22 A man's greatest treasure
is his wife—
she is a gift from the Lord.
If there has been one person in all of history who should have a clear understanding of the value of a wife, it would have to have been Solomon—after all, he famously had hundreds of them!
Although it’s frankly a little hard to imagine him sustaining a genuine intimacy with one woman over many years, this proverb indicates that he must somehow have learned a thing or two about real relationship.
In our era, we should be a little more gender inclusive: “A person’s greatest treasure is his or her spouse…” Really, the issue here isn’t about finding or possessing a husband or wife just for the sake of having one; it’s about two people choosing to treasure each other, finding and valuing the good in each other.
Most versions of this proverb create a parallelism: finding good in a spouse leads to finding favor, or receiving good, from God.
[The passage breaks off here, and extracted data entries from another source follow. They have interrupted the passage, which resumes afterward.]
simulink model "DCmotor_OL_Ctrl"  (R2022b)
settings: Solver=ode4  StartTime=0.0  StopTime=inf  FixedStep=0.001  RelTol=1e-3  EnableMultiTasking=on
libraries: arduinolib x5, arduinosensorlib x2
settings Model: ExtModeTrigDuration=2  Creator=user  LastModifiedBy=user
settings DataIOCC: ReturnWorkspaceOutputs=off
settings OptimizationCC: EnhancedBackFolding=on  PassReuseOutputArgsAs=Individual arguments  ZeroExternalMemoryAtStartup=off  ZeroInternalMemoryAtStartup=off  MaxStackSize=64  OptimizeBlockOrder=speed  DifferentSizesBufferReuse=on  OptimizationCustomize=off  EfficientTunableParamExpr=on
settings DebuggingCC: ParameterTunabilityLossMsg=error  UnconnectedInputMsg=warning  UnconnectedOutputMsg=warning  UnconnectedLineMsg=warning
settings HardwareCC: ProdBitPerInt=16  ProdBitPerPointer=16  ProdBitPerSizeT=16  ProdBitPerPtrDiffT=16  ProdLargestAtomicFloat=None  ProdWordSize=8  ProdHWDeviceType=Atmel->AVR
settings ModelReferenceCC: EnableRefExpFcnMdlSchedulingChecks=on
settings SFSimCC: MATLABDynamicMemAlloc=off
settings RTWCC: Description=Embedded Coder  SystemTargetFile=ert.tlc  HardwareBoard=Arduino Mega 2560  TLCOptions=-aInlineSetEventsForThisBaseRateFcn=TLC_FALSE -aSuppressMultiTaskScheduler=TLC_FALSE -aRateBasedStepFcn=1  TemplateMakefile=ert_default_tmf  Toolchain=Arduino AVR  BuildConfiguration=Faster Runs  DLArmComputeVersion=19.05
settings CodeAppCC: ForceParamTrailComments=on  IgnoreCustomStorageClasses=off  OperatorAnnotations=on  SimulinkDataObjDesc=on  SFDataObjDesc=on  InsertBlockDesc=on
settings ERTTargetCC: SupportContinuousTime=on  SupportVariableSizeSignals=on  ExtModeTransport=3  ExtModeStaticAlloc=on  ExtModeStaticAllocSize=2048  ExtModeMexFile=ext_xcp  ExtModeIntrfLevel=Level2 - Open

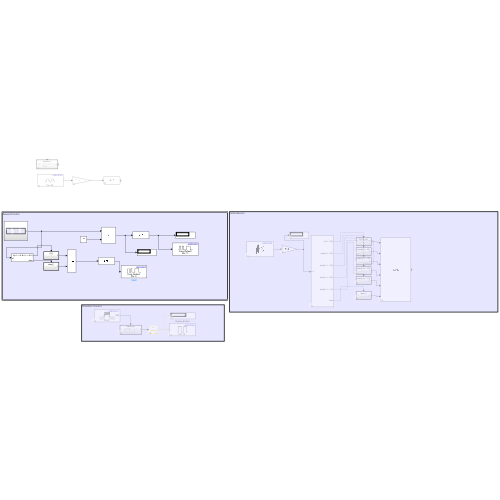
[thumbnail: Simulink's stored preview of the top-level diagram]
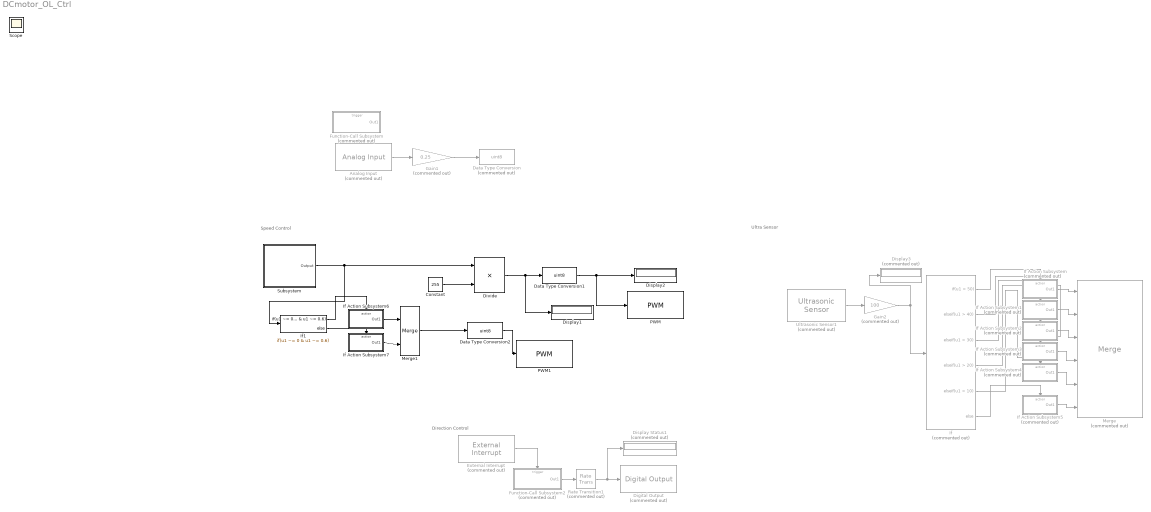
== system DCmotor_OL_Ctrl ==
  note: Speed Control
  note: Ultra Sensor
  note: Direction Control
  Analog Input : arduinolib/Analog Input  Commented=on  pinNumber=0  ReadResultsOnly=off  ConversionTriggerSource=Software  ExternalTriggerType=uint32( 0 )  OutputDataType=uint16  EnableConversionCompleteNotify=off  EnableOuputStatus=off  SampleTime=-1  blockPlatform=arduino
  Constant : Constant  Value=255
  Data Type Conversion : DataTypeConversion  Commented=on  OutDataTypeStr=uint8  SaturateOnIntegerOverflow=off  RndMeth=Floor
  Data Type Conversion1 : DataTypeConversion  OutDataTypeStr=uint8  SaturateOnIntegerOverflow=off  RndMeth=Floor
  Data Type Conversion2 : DataTypeConversion  OutDataTypeStr=uint8  SaturateOnIntegerOverflow=off  RndMeth=Floor
  Digital Output : arduinolib/Digital Output  Commented=on  pinNumber=13  Direction=output  blockPlatform=arduino
  Display Status1 : Display  Commented=on
  Display1 : Display
  Display2 : Display
  Display3 : Display  Commented=on
  Divide : Product  Inputs=**
  External Interrupt : arduinolib/External Interrupt  Commented=on  Pin=2  PullUp=off  Mode=FALLING  InterruptSimulationInput=off
  Function-Call Subsystem : Subsystem  Commented=on  TreatAsAtomicUnit=on
  Function-Call Subsystem2 : Subsystem  Commented=on  TreatAsAtomicUnit=on
  Gain1 : Gain  Commented=on  Gain=0.25
  Gain2 : Gain  Commented=on  Gain=100
  If : If  Commented=on  IfExpression=u1 > 50  ElseIfExpressions=u1 > 40, u1 > 30, u1 > 20, u1 > 10
  If Action Subsystem : Subsystem  Commented=on  TreatAsAtomicUnit=on
  If Action Subsystem1 : Subsystem  Commented=on  TreatAsAtomicUnit=on
  If Action Subsystem2 : Subsystem  Commented=on  TreatAsAtomicUnit=on
  If Action Subsystem3 : Subsystem  Commented=on  TreatAsAtomicUnit=on
  If Action Subsystem4 : Subsystem  Commented=on  TreatAsAtomicUnit=on
  If Action Subsystem5 : Subsystem  Commented=on  TreatAsAtomicUnit=on
  If Action Subsystem6 : Subsystem  TreatAsAtomicUnit=on
  If Action Subsystem7 : Subsystem  TreatAsAtomicUnit=on
  If1 : If  IfExpression=u1 ~= 0 & u1 ~= 0.6
  Merge : Merge  Commented=on  Inputs=6
  Merge1 : Merge  InitialOutput=[0]
  PWM : arduinolib/PWM  pinNumber=11  frequencyType=Default  desiredFrequency=490.2  achievableFrequency=490.2
  PWM1 : arduinolib/PWM  pinNumber=5  frequencyType=Default  desiredFrequency=490.2  achievableFrequency=490.2
  Rate Transition1 : RateTransition  Commented=on  Deterministic=off
  Subsystem : Subsystem
  Ultrasonic Sensor1 : arduinosensorlib/Ultrasonic Sensor  Commented=on  NumSignalPins=2  TrigPin=50  EchoPin=51  SignalPin=3  SampleTime_=0.1  blockPlatform=ARDUINO
  Scope : Scope
  wires:
  Analog Input/1 -> Gain1/1
  Gain1/1 -> Data Type Conversion/1
  Constant/1 -> Divide/2
  Data Type Conversion1/1 -> PWM/1, Display2/1
  Gain2/1 -> Display3/1, If/1
  Ultrasonic Sensor1/1 -> Gain2/1
  If/2 -> If Action Subsystem1/Action
  If/1 -> If Action Subsystem/Action
  If/3 -> If Action Subsystem2/Action
  If/4 -> If Action Subsystem3/Action
  If/5 -> If Action Subsystem4/Action
  If/6 -> If Action Subsystem5/Action
  If Action Subsystem/1(Out1) -> Merge/1
  If Action Subsystem1/1(Out1) -> Merge/2
  If Action Subsystem2/1(Out1) -> Merge/3
  If Action Subsystem3/1(Out1) -> Merge/4
  If Action Subsystem4/1(Out1) -> Merge/5
  If Action Subsystem5/1(Out1) -> Merge/6
  Divide/1 -> Display1/1, Data Type Conversion1/1
  Function-Call Subsystem2/1(Out1) -> Rate Transition1/1
  Rate Transition1/1 -> Display Status1/1, Digital Output/1
  External Interrupt/1 -> Function-Call Subsystem2/Trigger
  Subsystem/1(Output) -> Divide/1, If1/1
  Data Type Conversion2/1 -> PWM1/1
  If Action Subsystem6/1(Out1) -> Merge1/1
  If Action Subsystem7/1(Out1) -> Merge1/2
  If1/1 -> If Action Subsystem6/Action
  If1/2 -> If Action Subsystem7/Action
  Merge1/1 -> Data Type Conversion2/1

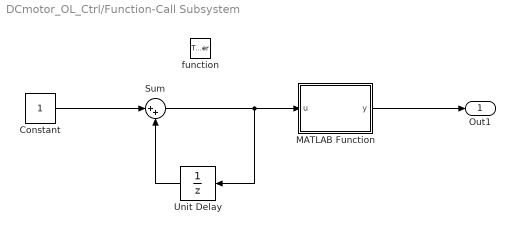
== system DCmotor_OL_Ctrl/Function-Call Subsystem ==
  function : TriggerPort  TriggerType=function-call  VariantControl=(inherit)
  Constant : Constant
  MATLAB Function : MATLAB Function  TreatAsAtomicUnit=on
  Sum : Sum  Inputs=|++
  Unit Delay : UnitDelay  SampleTime=-1  HasFrameUpgradeWarning=on
  Out1 : Outport
  wires:
  Constant/1 -> Sum/1
  Unit Delay/1 -> Sum/2
  Sum/1 -> Unit Delay/1, MATLAB Function/1(u)
  MATLAB Function/1(y) -> Out1/1

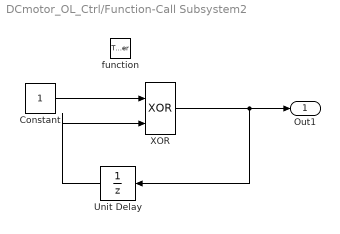
== system DCmotor_OL_Ctrl/Function-Call Subsystem2 ==
  function : TriggerPort  TriggerType=function-call  VariantControl=(inherit)
  Constant : Constant
  Unit Delay : UnitDelay  SampleTime=-1  HasFrameUpgradeWarning=on
  XOR : Logic  Operator=XOR  IconShape=distinctive  AllPortsSameDT=off  OutDataTypeStr=boolean
  Out1 : Outport
  wires:
  Constant/1 -> XOR/1
  Unit Delay/1 -> XOR/2
  XOR/1 -> Unit Delay/1, Out1/1

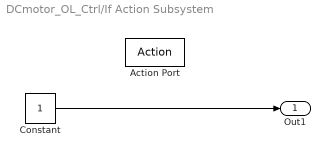
== system DCmotor_OL_Ctrl/If Action Subsystem ==
  Action Port : ActionPort  ActionPortLabel=if(u1 > 50)
  Constant : Constant
  Out1 : Outport
  wires:
  Constant/1 -> Out1/1

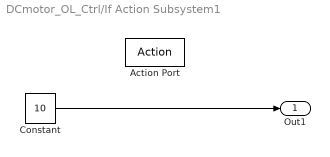
== system DCmotor_OL_Ctrl/If Action Subsystem1 ==
  Action Port : ActionPort  ActionPortLabel=elseif(u1 > 40)
  Constant : Constant  Value=10
  Out1 : Outport
  wires:
  Constant/1 -> Out1/1

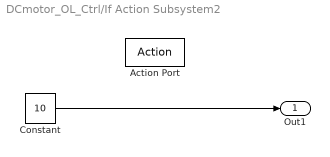
== system DCmotor_OL_Ctrl/If Action Subsystem2 ==
  Action Port : ActionPort  ActionPortLabel=elseif( u1 > 30)
  Constant : Constant  Value=10
  Out1 : Outport
  wires:
  Constant/1 -> Out1/1

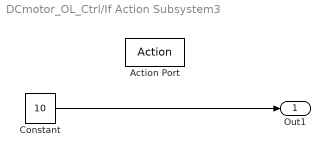
== system DCmotor_OL_Ctrl/If Action Subsystem3 ==
  Action Port : ActionPort  ActionPortLabel=elseif( u1 > 20)
  Constant : Constant  Value=10
  Out1 : Outport
  wires:
  Constant/1 -> Out1/1

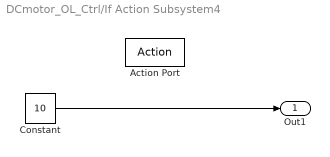
== system DCmotor_OL_Ctrl/If Action Subsystem4 ==
  Action Port : ActionPort  ActionPortLabel=elseif( u1 > 10)
  Constant : Constant  Value=10
  Out1 : Outport
  wires:
  Constant/1 -> Out1/1

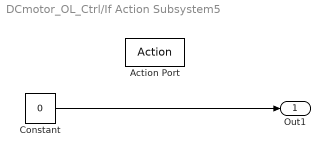
== system DCmotor_OL_Ctrl/If Action Subsystem5 ==
  Action Port : ActionPort  ActionPortLabel=else
  Constant : Constant  Value=0
  Out1 : Outport
  wires:
  Constant/1 -> Out1/1

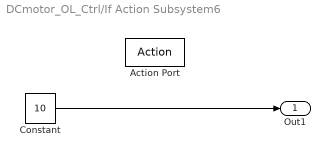
== system DCmotor_OL_Ctrl/If Action Subsystem6 ==
  Action Port : ActionPort  ActionPortLabel=if(u1 ~= 0 & u1 ~= 0.6)
  Constant : Constant  Value=10
  Out1 : Outport
  wires:
  Constant/1 -> Out1/1

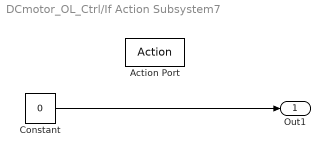
== system DCmotor_OL_Ctrl/If Action Subsystem7 ==
  Action Port : ActionPort  ActionPortLabel=else
  Constant : Constant  Value=0
  Out1 : Outport
  wires:
  Constant/1 -> Out1/1

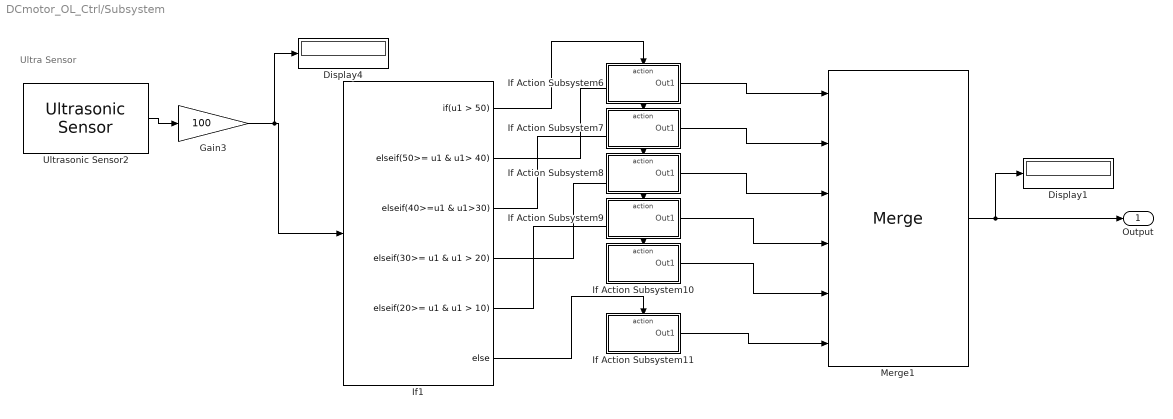
== system DCmotor_OL_Ctrl/Subsystem ==
  note: Ultra Sensor
  Display1 : Display
  Display4 : Display
  Gain3 : Gain  Gain=100
  If Action Subsystem10 : Subsystem  TreatAsAtomicUnit=on
  If Action Subsystem11 : Subsystem  TreatAsAtomicUnit=on
  If Action Subsystem6 : Subsystem  TreatAsAtomicUnit=on
  If Action Subsystem7 : Subsystem  TreatAsAtomicUnit=on
  If Action Subsystem8 : Subsystem  TreatAsAtomicUnit=on
  If Action Subsystem9 : Subsystem  TreatAsAtomicUnit=on
  If1 : If  IfExpression=u1 > 50  ElseIfExpressions=50>= u1 & u1> 40, 40>=u1 & u1>30, 30>= u1 & u1 > 20, 20>= u1 & u1 > 10
  Merge1 : Merge  Inputs=6
  Ultrasonic Sensor2 : arduinosensorlib/Ultrasonic Sensor  NumSignalPins=2  TrigPin=50  EchoPin=51  SignalPin=3  SampleTime_=0.1  blockPlatform=ARDUINO
  Output : Outport
  wires:
  Gain3/1 -> If1/1, Display4/1
  Ultrasonic Sensor2/1 -> Gain3/1
  If Action Subsystem9/1(Out1) -> Merge1/4
  If Action Subsystem11/1(Out1) -> Merge1/6
  If Action Subsystem8/1(Out1) -> Merge1/3
  If Action Subsystem7/1(Out1) -> Merge1/2
  If Action Subsystem6/1(Out1) -> Merge1/1
  If Action Subsystem10/1(Out1) -> Merge1/5
  If1/1 -> If Action Subsystem6/Action
  If1/2 -> If Action Subsystem7/Action
  If1/3 -> If Action Subsystem8/Action
  If1/4 -> If Action Subsystem9/Action
  If1/5 -> If Action Subsystem10/Action
  If1/6 -> If Action Subsystem11/Action
  Merge1/1 -> Display1/1, Output/1

== system DCmotor_OL_Ctrl/Subsystem/If Action Subsystem10 ==
  Action Port : ActionPort  ActionPortLabel=elseif( 20>= u1 & u1 > 10)
  Constant : Constant  Value=0.2
  Out1 : Outport
  wires:
  Constant/1 -> Out1/1

== system DCmotor_OL_Ctrl/Subsystem/If Action Subsystem11 ==
  Action Port : ActionPort  ActionPortLabel=else
  Constant : Constant  Value=0
  Out1 : Outport
  wires:
  Constant/1 -> Out1/1

== system DCmotor_OL_Ctrl/Subsystem/If Action Subsystem6 ==
  Action Port : ActionPort  ActionPortLabel=if(u1 > 50)
  Constant : Constant  Value=0.6
  Out1 : Outport
  wires:
  Constant/1 -> Out1/1

== system DCmotor_OL_Ctrl/Subsystem/If Action Subsystem7 ==
  Action Port : ActionPort  ActionPortLabel=elseif(50>= u1 & u1> 40)
  Constant : Constant  Value=0.5
  Out1 : Outport
  wires:
  Constant/1 -> Out1/1

== system DCmotor_OL_Ctrl/Subsystem/If Action Subsystem8 ==
  Action Port : ActionPort  ActionPortLabel=elseif( 40>=u1 & u1>30)
  Constant : Constant  Value=0.4
  Out1 : Outport
  wires:
  Constant/1 -> Out1/1

== system DCmotor_OL_Ctrl/Subsystem/If Action Subsystem9 ==
  Action Port : ActionPort  ActionPortLabel=elseif( 30>= u1 & u1 > 20)
  Constant : Constant  Value=0.3
  Out1 : Outport
  wires:
  Constant/1 -> Out1/1

== matlab function DCmotor_OL_Ctrl/Function-Call Subsystem/MATLAB Function ==
  data: u input; y output
function y = fcn(u)
 rem = mod(u,2);
 if rem == 0
     y=0;
 else
     y=1;
 end

 if u > 100
     u = 1;
 end

Perhaps it also hints that looking for good in another is like God looking for good in me.
This isn’t just because God approves of marriage as a form. It goes all the way back to the Garden of Eden, where he made both male and female in his image, then joined them together in marital union as the highest fulfillment in creation of that image. He looked at what he had made, and saw that it was very good.
When two people seek joy in each other, not just for a moment but for a lifetime, and in the fullness of their beings, they are giving expression to the joy the Trinity finds in its own union.
When two people marry, and they rejoice together in learning and valuing the mysteries of each other, the Father, Spirit and Son rejoice too. And the blessings pour down.
Triune God – You who are the original family, who birthed and redeemed us by your love, help us in our intimate relationships to seek out and treasure all that is good in each other. May you find reason to rejoice in us. Amen.